Input records:
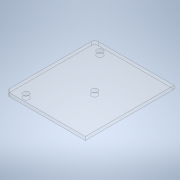
# Autodesk Inventor part: Tapa
Saved by Autodesk Inventor 2020.3 (Build 243373000, 373)
## iProperties
Created: 2020-07-26
Part Number: Tapa
Material: PMMA Plastic
Document SubType Name: Modeling
Designer: juanp
Density: 1.188 g/cm^3
Appearance: Polycarbonate - Clear
Author: juanp
Autodesk Inventor part; units mm, degrees
ref_plane "YZ Plane" through (0, 0, 0) normal (1, 0, 0) x (0, 1, 0)
ref_plane "XZ Plane" through (0, 0, 0) normal (0, 1, 0) x (-1, 0, 0)
ref_plane "XY Plane" through (0, 0, 0) normal (0, 0, 1) x (1, 0, 0)
sketch "Sketch2" plane through (0, 0, 0) normal (0, 1, 0) x (-1, 0, 0)
  circle A0 centre (0, 0) radius 30.16 construction
  line L0 (0, 0) -> (38.16, 0) construction
  line L1 (38.16, 38.16) -> (38.16, -38.16)
  line L2 (38.16, 38.16) -> (-30.16, 38.16)
  line L3 (38.16, -38.16) -> (-30.16, -38.16)
  circle A1 centre (27.211, 31.78) radius 2.55
  circle A2 centre (27.211, -31.78) radius 2.55
  circle A3 centre (0, 0) radius 2.55
  line L4 (-30.16, 38.16) -> (-30.16, -38.16)
  dimension "d12" = 60.32
  dimension "d13" = 38.16
  dimension "d14" = 76.32
  dimension "d15" = 5.1
  dimension "d17" = 6.38
  dimension "d18" = 10.949
  dimension "d19" = 5.1
  constraints: 10 end point, 4 centre point, 3 horizontal, 2 coincident, 2 vertical, 1 midpoint, 1 symmetric about line, 1 tangent, 1 other
  measures "d12" diameter of A0
  measures "d13" distance of L0.end L0.start
  measures "d14" distance of L1.start L1.end
  measures "d15" diameter of A1
  measures "d17" distance from line of L2 A1.centre
  measures "d18" distance from line of L1 A1.centre
  measures "d19" diameter of A3
extrude "Extrusion2" add sketch "Sketch2" along normal blind 3
fillet "Fillet2" radius 3 2 edges at (-38.16, 1.5, 38.16) (-38.16, 1.5, -38.16)
body "Solid2"
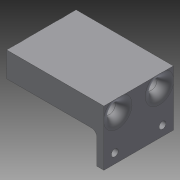
# Autodesk Inventor part: tubing_alignment_arm[3]
Saved by Autodesk Inventor 2015 (Build 190159000, 159)
## iProperties
Created: 2017-04-13
Part Number: tubing_alignment_arm[3]
Material: Generic
Document SubType Name: Modeling
Designer: Guy
Density: 1 g/cm^3
Appearance: Default
Author: Guy
Autodesk Inventor part; units mm, degrees
ref_plane "YZ Plane" through (0, 0, 0) normal (1, 0, 0) x (0, 1, 0)
ref_plane "XZ Plane" through (0, 0, 0) normal (0, 1, 0) x (-1, 0, 0)
ref_plane "XY Plane" through (0, 0, 0) normal (0, 0, 1) x (1, 0, 0)
sketch "Sketch1" plane through (0, 0, 0) normal (0, 0, 1) x (1, 0, 0)
  line L0 (0, 0) -> (50, 0)
  line L1 (50, 0) -> (50, 40)
  line L2 (50, 40) -> (0, 40)
  line L3 (0, 40) -> (0, 0)
  dimension "d0" = 50
  dimension "d1" = 40
  constraints: 8 end point, 2 parallel, 1 horizontal, 1 perpendicular
  measures "d0" distance of L0.start L0.end
  measures "d1" distance of L2.end L0.start
extrude "Extrusion1" add sketch "Sketch1" along normal blind 70
sketch "Sketch2" plane through (50, 0, 0) normal (1, 0, 0) x (0, 0, -1)
  line L0 (0, 0) -> (0, 40) projected
  line L1 (0, 40) -> (-70, 40) projected
  line L2 (-70, 0) -> (-70, 40) projected
  line L3 (0, 0) -> (-70, 0) projected
  line L4 (-70, 0) -> (-5, 0)
  line L5 (-5, 0) -> (-5, 22)
  line L6 (-5, 22) -> (-70, 22)
  line L7 (-70, 22) -> (-70, 0)
  point P0 (0, 0)
  dimension "d5" = 5
  dimension "d6" = 18
  constraints: 8 end point, 2 parallel, 1 horizontal, 1 perpendicular
  measures "d5" distance between parallel lines of L0 L5
  measures "d6" distance between parallel lines of L6 L1
extrude "Extrusion2" cut sketch "Sketch2" against normal up to next contours L3 L2 L6 L5
sketch "Sketch3" plane through (0, 0, 70) normal (0, 0, 1) x (1, 0, 0)
  line L0 (0, 22) -> (50, 22) projected
  line L1 (50, 22) -> (50, 40) projected
  line L2 (50, 40) -> (0, 40) projected
  line L3 (0, 40) -> (0, 22) projected
  circle A0 centre (10, 31) radius 4.25
  circle A1 centre (40, 31) radius 4.25
  point P0 (0, 0)
  dimension "d9" = 8.5
  dimension "d10" = 8.5
  dimension "d11" = 30
  dimension "d12" = 50
  dimension "d13" = 10
  dimension "d14" = 18
  dimension "d15" = 9
  dimension "d16" = 9
  constraints: 2 centre point
  measures "d9" diameter of A1
  measures "d10" diameter of A0
  measures "d11" distance of A1.centre A0.centre
  measures "d12" distance of L1.end L2.end
  measures "d13" distance from line of L3 A0.centre
  measures "d14" distance between parallel lines of L0 L2
  measures "d15" distance from line of A0.centre L2
  measures "d16" distance from line of A1.centre L2
extrude "Extrusion3" cut sketch "Sketch3" against normal up to next contours A0 | A1
fillet "Fillet1" radius 4 1 edges at (25, 22, 5)
sketch "Sketch4" plane through (0, 0, 0) normal (0, 0, -1) x (-1, 0, 0)
  circle A0 centre (-10, 31) radius 4.25 projected
  circle A1 centre (-40, 31) radius 4.25 projected
  line L0 (0, 0) -> (-50, 0) projected
  line L1 (0, 40) -> (0, 0) projected
  line L2 (-50, 40) -> (0, 40) projected
  line L3 (-50, 0) -> (-50, 40) projected
  circle A2 centre (-42.175, 7) radius 2.5
  circle A3 centre (-7.825, 7) radius 2.5
  dimension "d20" = 50
  dimension "d21" = 5
  dimension "d22" = 5
  dimension "d23" = 34.35
  dimension "d24" = 7.825
  dimension "d25" = 7
  dimension "d26" = 7
  constraints: 2 centre point
  measures "d20" distance of L0.start L0.end
  measures "d21" diameter of A3
  measures "d22" diameter of A2
  measures "d23" distance of A3.centre A2.centre
  measures "d24" distance from line of L3 A2.centre
  measures "d25" distance from line of L0 A3.centre
  measures "d26" distance from line of L0 A2.centre
extrude "Extrusion4" cut sketch "Sketch4" against normal up to next contours A2 | A3
fillet "Fillet2" radius 6 4 edges at (35.75, 31, 0) (5.75, 31, 0) (35.75, 31, 70) (5.75, 31, 70)
equation "\"d9\" = d10"
equation "\"d13\" = -0.5 * d11 + 0.5 * d12"
equation "\"d15\" = 0.5 * d14"
equation "\"d16\" = d15"
equation "\"d24\" = -0.5 * d23 + 0.5 * d20"
equation "\"d26\" = d25"
body "Solid1"
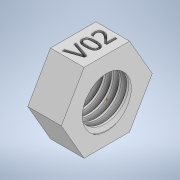
# Autodesk Inventor part: 1bThreads5_8x11InternalNut-V02
Saved by Autodesk Inventor 2021.1 (Build 251245010, 245A)
## iProperties
Created: 2020-10-17
Part Number: 1bThreads5_8x11InternalNut-V02
Material: Generic
Document SubType Name: Modeling
Designer: robst
Density: 1 g/cm^3
Appearance: Default
Author: robst
Autodesk Inventor part; units mm, degrees
ref_plane "YZ Plane" through (0, 0, 0) normal (1, 0, 0) x (0, 1, 0)
ref_plane "XZ Plane" through (0, 0, 0) normal (0, 1, 0) x (-1, 0, 0)
ref_plane "XY Plane" through (0, 0, 0) normal (0, 0, 1) x (1, 0, 0)
sketch "1bInternalThreadSketch" plane through (0, 0, 0) normal (0, 0, 1) x (1, 0, 0)
  line L0 (-1.0578, 8.2398) -> (20.6866, 8.2398) construction
  line L1 (10.6977, 6.9342) -> (11.3057, 6.9342) construction
  line L2 (-1.0578, 8.2398) -> (-0.304, 6.9342)
  line L3 (-0.304, 6.9342) -> (0.304, 6.9342)
  line L4 (0.304, 6.9342) -> (1.0094, 8.1559)
  line L5 (1.2997, 8.1559) -> (2.0051, 6.9342)
  arc A0 (1.2997, 8.1559) -> (1.0094, 8.1559) centre (1.1545, 8.0721) ccw
  line L6 (-1.0578, 8.2398) -> (-1.0578, 6.9621) construction
  line L7 (2.0051, 6.9342) -> (2.6131, 6.9342)
  line L8 (2.6131, 6.9342) -> (3.3185, 8.1559)
  line L9 (3.6088, 8.1559) -> (4.3187, 6.9264)
  arc A1 (3.6088, 8.1559) -> (3.3185, 8.1559) centre (3.4636, 8.0721) ccw
  line L10 (4.3187, 6.9264) -> (4.3142, 6.9342)
  line L11 (4.3142, 6.9342) -> (4.9222, 6.9342)
  line L12 (4.9222, 6.9342) -> (5.6275, 8.1559)
  line L13 (5.9179, 8.1559) -> (6.1974, 7.6718)
  arc A2 (5.9179, 8.1559) -> (5.6275, 8.1559) centre (5.7727, 8.0721) ccw
  line L14 (6.1974, 7.6718) -> (6.6233, 6.9342)
  line L15 (0, 0) -> (0, 8.2398) construction
  line L16 (0.304, 6.9342) -> (2.0051, 6.9342)
  point P0 (1.1545, 8.2398)
  point P1 (3.4636, 8.2398)
  dimension "d141" = 6.9342
  dimension "d142" = 8.2398
  dimension "d148" = 0.1676
  dimension "d150" = 60
  dimension "d151" = 30
  dimension "d154" = 0.1676
  dimension "d155" = 60
  dimension "d158" = 2.3091
  dimension "d168" = 60
  dimension "d169" = 0.1676
  dimension "d173" = 2.3091
  dimension "d175" = 60
  dimension "d176" = 60
  dimension "d177" = 60
  dimension "d178" = 0.608
  dimension "d179" = 0.608
  dimension "d180" = 0.608
  dimension "d181" = 1.1545
  constraints: 32 end point, 9 tangent, 8 point on circle, 4 collinear, 3 centre point, 3 horizontal, 1 perpendicular, 1 point on line, 1 vertical, 10 other
  measures "d142" distance from line of L0 L15.start
  measures "d148" radius of A0
  measures "d150" angle of L4 L2
  measures "d151" angle of L2 L6
  measures "d154" radius of A1
  measures "d155" angle of L8 L5
  measures "d158" distance of A1.centre A0.centre
  measures "d168" angle of L12 L9
  measures "d169" radius of A2
  measures "d173" distance of A2.centre A1.centre
  measures "d175" angle of L5 L4
  measures "d176" angle of L9 L8
  measures "d177" angle of L14 L12
  measures "d178" distance of L3.end L2.end
  measures "d179" distance of L7.end L5.end
  measures "d180" distance of L11.end L10.end
  measures "d181" distance from line of A0.centre L15
sketch "Sketch9" plane through (0, 0, 0) normal (0, 0, 1) x (1, 0, 0)
  line L0 (1.1545, 8.0886) -> (3.4636, 8.0886) projected
  line L1 (-1.0578, 8.2398) -> (20.6866, 8.2398) construction
  line L2 (0, 0) -> (0, 8.2398) construction
  line L3 (-0.304, 6.9342) -> (0.304, 6.9342) projected
  line L4 (0, 6.9342) -> (-10.16, 6.9342)
  line L5 (-10.16, 6.9342) -> (-10.16, 10.7798)
  line L6 (-10.16, 10.7798) -> (0, 10.7798)
  line L7 (0, 10.7798) -> (0, 6.9342)
  line L8 (-16.3293, 0) -> (26.8559, 0) projected
  point P0 (1.1545, 8.2398)
  point P1 (3.4636, 8.2398)
  dimension "d182" = 10.16
  dimension "d183" = 10.7798
  constraints: 8 end point, 2 parallel, 1 horizontal, 1 midpoint, 1 perpendicular
  measures "d182" distance of L5.end L6.end
  measures "d183" distance from line of L6 point (0, 0)
revolve "Revolution2" add sketch "Sketch9" angle 360 about axis through (-10, 0, 0) along (1, 0, 0)
coil "Coil3" sketch "1bInternalThreadSketch" operation cut axis through (-10, 0, 0) along (-1, 0, 0) pitch 2.3091 turns 6.4 hand right
sketch "Sketch10" plane through (-10.16, 0, 0) normal (-1, 0, 0) x (0, 0, 1)
  line L0 (-6.8741, 11.9062) -> (6.8741, 11.9063)
  line L1 (6.8741, 11.9063) -> (13.7482, 0)
  line L2 (13.7482, 0) -> (6.8741, -11.9062)
  line L3 (6.8741, -11.9062) -> (-6.8741, -11.9062)
  line L4 (-6.8741, -11.9062) -> (-13.7482, 0)
  line L5 (-13.7482, 0) -> (-6.8741, 11.9062)
  circle A0 centre (0, 0) radius 10.635
  dimension "d193" = 23.8125
  constraints: 12 end point, 2 coincident, 1 centre point, 1 horizontal, 13 other
  measures "d193" distance between parallel lines of L3 L0
extrude "Extrusion5" add sketch "Sketch10" against normal blind 10.16
sketch "Sketch11" plane through (-10.16, 11.9063, 6.8741) normal (0, 1, 0) x (1, 0, 0)
  line L0 (0, 0) -> (10.16, 0) construction
  line L1 (5.08, 0) -> (5.08, 13.7482) construction
  line L2 (0, 13.7482) -> (10.16, 13.7482) construction
  line L3 (2.54, 5.1759) -> (7.62, 3.4263)
  line L4 (7.62, 3.4263) -> (7.62, 2.6977)
  line L5 (7.62, 2.6977) -> (2.54, 0.9481)
  line L6 (2.54, 0.9481) -> (2.54, 1.6726)
  line L7 (2.54, 1.6726) -> (6.7596, 3.0805)
  line L8 (6.7596, 3.0805) -> (2.54, 4.4885)
  line L9 (2.54, 4.4885) -> (2.54, 5.1759)
  spline S0 degree 2 poles (5.08, 8.7369) (6.4467, 8.7369) (7.727, 7.9424) (7.727, 7.1149) knots 0 0 0 1 2 2 2
  spline S1 degree 2 poles (7.727, 7.1149) (7.727, 6.2751) (6.422, 5.4888) (5.0841, 5.4888) knots 0 0 0 1 2 2 2
  spline S2 degree 2 poles (5.0841, 5.4888) (3.7091, 5.4888) (2.4371, 6.2833) (2.4371, 7.1149) knots 0 0 0 1 2 2 2
  spline S3 degree 2 poles (2.4371, 7.1149) (2.4371, 7.9506) (3.7544, 8.7369) (5.08, 8.7369) knots 0 0 0 1 2 2 2
  spline S4 degree 2 poles (6.6279, 7.8641) (6.3768, 7.9629) (5.6028, 8.0453) (5.08, 8.0453) knots 0 0 0 1 2 2 2
  spline S5 degree 2 poles (5.08, 8.0453) (4.5572, 8.0453) (3.7874, 7.9629) (3.528, 7.86) knots 0 0 0 1 2 2 2
  spline S6 degree 2 poles (3.528, 7.86) (3.2687, 7.7571) (3.0011, 7.399) (3.0011, 7.1149) knots 0 0 0 1 2 2 2
  spline S7 degree 2 poles (3.0011, 7.1149) (3.0011, 6.8309) (3.2687, 6.4645) (3.5362, 6.3574) knots 0 0 0 1 2 2 2
  spline S8 degree 2 poles (3.5362, 6.3574) (3.7956, 6.2545) (4.586, 6.1804) (5.0841, 6.1804) knots 0 0 0 1 2 2 2
  spline S9 degree 2 poles (5.0841, 6.1804) (5.6193, 6.1804) (6.3356, 6.2463) (6.6155, 6.3533) knots 0 0 0 1 2 2 2
  spline S10 degree 2 poles (6.6155, 6.3533) (6.879, 6.4521) (7.163, 6.8185) (7.163, 7.1149) knots 0 0 0 1 2 2 2
  spline S11 degree 2 poles (7.163, 7.1149) (7.163, 7.3948) (6.8955, 7.7612) (6.6279, 7.8641) knots 0 0 0 1 2 2 2
  line L10 (7.62, 12.5201) -> (7.62, 9.3873)
  line L11 (7.62, 9.3873) -> (6.8996, 9.3873)
  spline S12 degree 2 poles (6.8996, 9.3873) (6.5826, 9.7249) (5.9939, 10.3259) (5.6769, 10.6141) knots 0 0 0 1 2 2 2
  spline S13 degree 2 poles (5.6769, 10.6141) (5.0388, 11.1945) (4.2731, 11.6186) (3.8656, 11.6186) knots 0 0 0 1 2 2 2
  spline S14 degree 2 poles (3.8656, 11.6186) (3.6515, 11.6186) (3.3304, 11.4868) (3.2275, 11.3674) knots 0 0 0 1 2 2 2
  spline S15 degree 2 poles (3.2275, 11.3674) (3.1246, 11.2481) (3.0217, 10.9352) (3.0217, 10.7458) knots 0 0 0 1 2 2 2
  spline S16 degree 2 poles (3.0217, 10.7458) (3.0217, 10.5647) (3.1122, 10.1942) (3.1822, 10.0254) knots 0 0 0 1 2 2 2
  spline S17 degree 2 poles (3.1822, 10.0254) (3.2398, 9.8813) (3.4045, 9.6137) (3.4621, 9.5314) knots 0 0 0 1 2 2 2
  line L12 (3.4621, 9.5314) -> (3.4621, 9.4944)
  line L13 (3.4621, 9.4944) -> (2.7376, 9.4944)
  spline S18 degree 2 poles (2.7376, 9.4944) (2.6347, 9.7043) (2.433, 10.4577) (2.433, 10.7952) knots 0 0 0 1 2 2 2
  spline S19 degree 2 poles (2.433, 10.7952) (2.433, 11.5074) (3.1863, 12.3102) (3.8285, 12.3102) knots 0 0 0 1 2 2 2
  spline S20 degree 2 poles (3.8285, 12.3102) (4.129, 12.3102) (4.6313, 12.1702) (4.8453, 12.0467) knots 0 0 0 1 2 2 2
  spline S21 degree 2 poles (4.8453, 12.0467) (5.0676, 11.9232) (5.504, 11.565) (5.714, 11.3674) knots 0 0 0 1 2 2 2
  spline S22 degree 2 poles (5.714, 11.3674) (6.0639, 11.0463) (6.8131, 10.2601) (7.0313, 10.0254) knots 0 0 0 1 2 2 2
  line L14 (7.0313, 10.0254) -> (7.0313, 12.5201)
  line L15 (7.0313, 12.5201) -> (7.62, 12.5201)
  point P0 (10.16, 6.8741)
  constraints: 2 end point, 2 midpoint, 1 vertical
extrude "Extrusion6" cut sketch "Sketch11" against normal blind 1.27
equation "\"d141\" = b1MinorRadius"
equation "\"d142\" = b1MajorRadius"
equation "\"d148\" = b1RootRadius"
equation "\"d150\" = threadAngle"
equation "\"d151\" = 0.5 * threadAngle"
equation "\"d154\" = b1RootRadius"
equation "\"d155\" = threadAngle"
equation "\"d158\" = pitch"
equation "\"d168\" = threadAngle"
equation "\"d169\" = b1RootRadius"
equation "\"d175\" = threadAngle"
equation "\"d176\" = threadAngle"
equation "\"d177\" = threadAngle"
equation "\"d181\" = 0.5 * pitch"
equation "\"d185\" = pitch"
equation "\"d193\" = nutExternalHexSize"
equation "\"threadAngle\" = 60deg"
equation "\"b1MajorDiameter\" = 16.47952"
equation "\"b1MajorRadius\" = 0.5 * b1MajorDiameter"
equation "\"b1MinorDiameter\" = 13.8684"
equation "\"b1RootRadius\" = 0.16764"
equation "\"b1MinorRadius\" = 0.5 * b1MinorDiameter"
equation "\"b1ThreadDepth\" = 1.27762"
equation "\"b1CrestFlat\" = 0.64008"
equation "\"nutExternalHexSize\" = 23.8125"
equation "\"b1CrestRadiusMax\" = 0"
equation "\"pitch\" = 2.309091"
body "Solid3"

What is being asked: Please output the lines of the listing above that fall in the stretch from the one with "line L1 (-1.0578, 8.2398)" through the one with "0) x (0, 0, 1)", exactly and only those.

Expected answer:
  line L1 (-1.0578, 8.2398) -> (20.6866, 8.2398) construction
  line L2 (0, 0) -> (0, 8.2398) construction
  line L3 (-0.304, 6.9342) -> (0.304, 6.9342) projected
  line L4 (0, 6.9342) -> (-10.16, 6.9342)
  line L5 (-10.16, 6.9342) -> (-10.16, 10.7798)
  line L6 (-10.16, 10.7798) -> (0, 10.7798)
  line L7 (0, 10.7798) -> (0, 6.9342)
  line L8 (-16.3293, 0) -> (26.8559, 0) projected
  point P0 (1.1545, 8.2398)
  point P1 (3.4636, 8.2398)
  dimension "d182" = 10.16
  dimension "d183" = 10.7798
  constraints: 8 end point, 2 parallel, 1 horizontal, 1 midpoint, 1 perpendicular
  measures "d182" distance of L5.end L6.end
  measures "d183" distance from line of L6 point (0, 0)
revolve "Revolution2" add sketch "Sketch9" angle 360 about axis through (-10, 0, 0) along (1, 0, 0)
coil "Coil3" sketch "1bInternalThreadSketch" operation cut axis through (-10, 0, 0) along (-1, 0, 0) pitch 2.3091 turns 6.4 hand right
sketch "Sketch10" plane through (-10.16, 0, 0) normal (-1, 0, 0) x (0, 0, 1)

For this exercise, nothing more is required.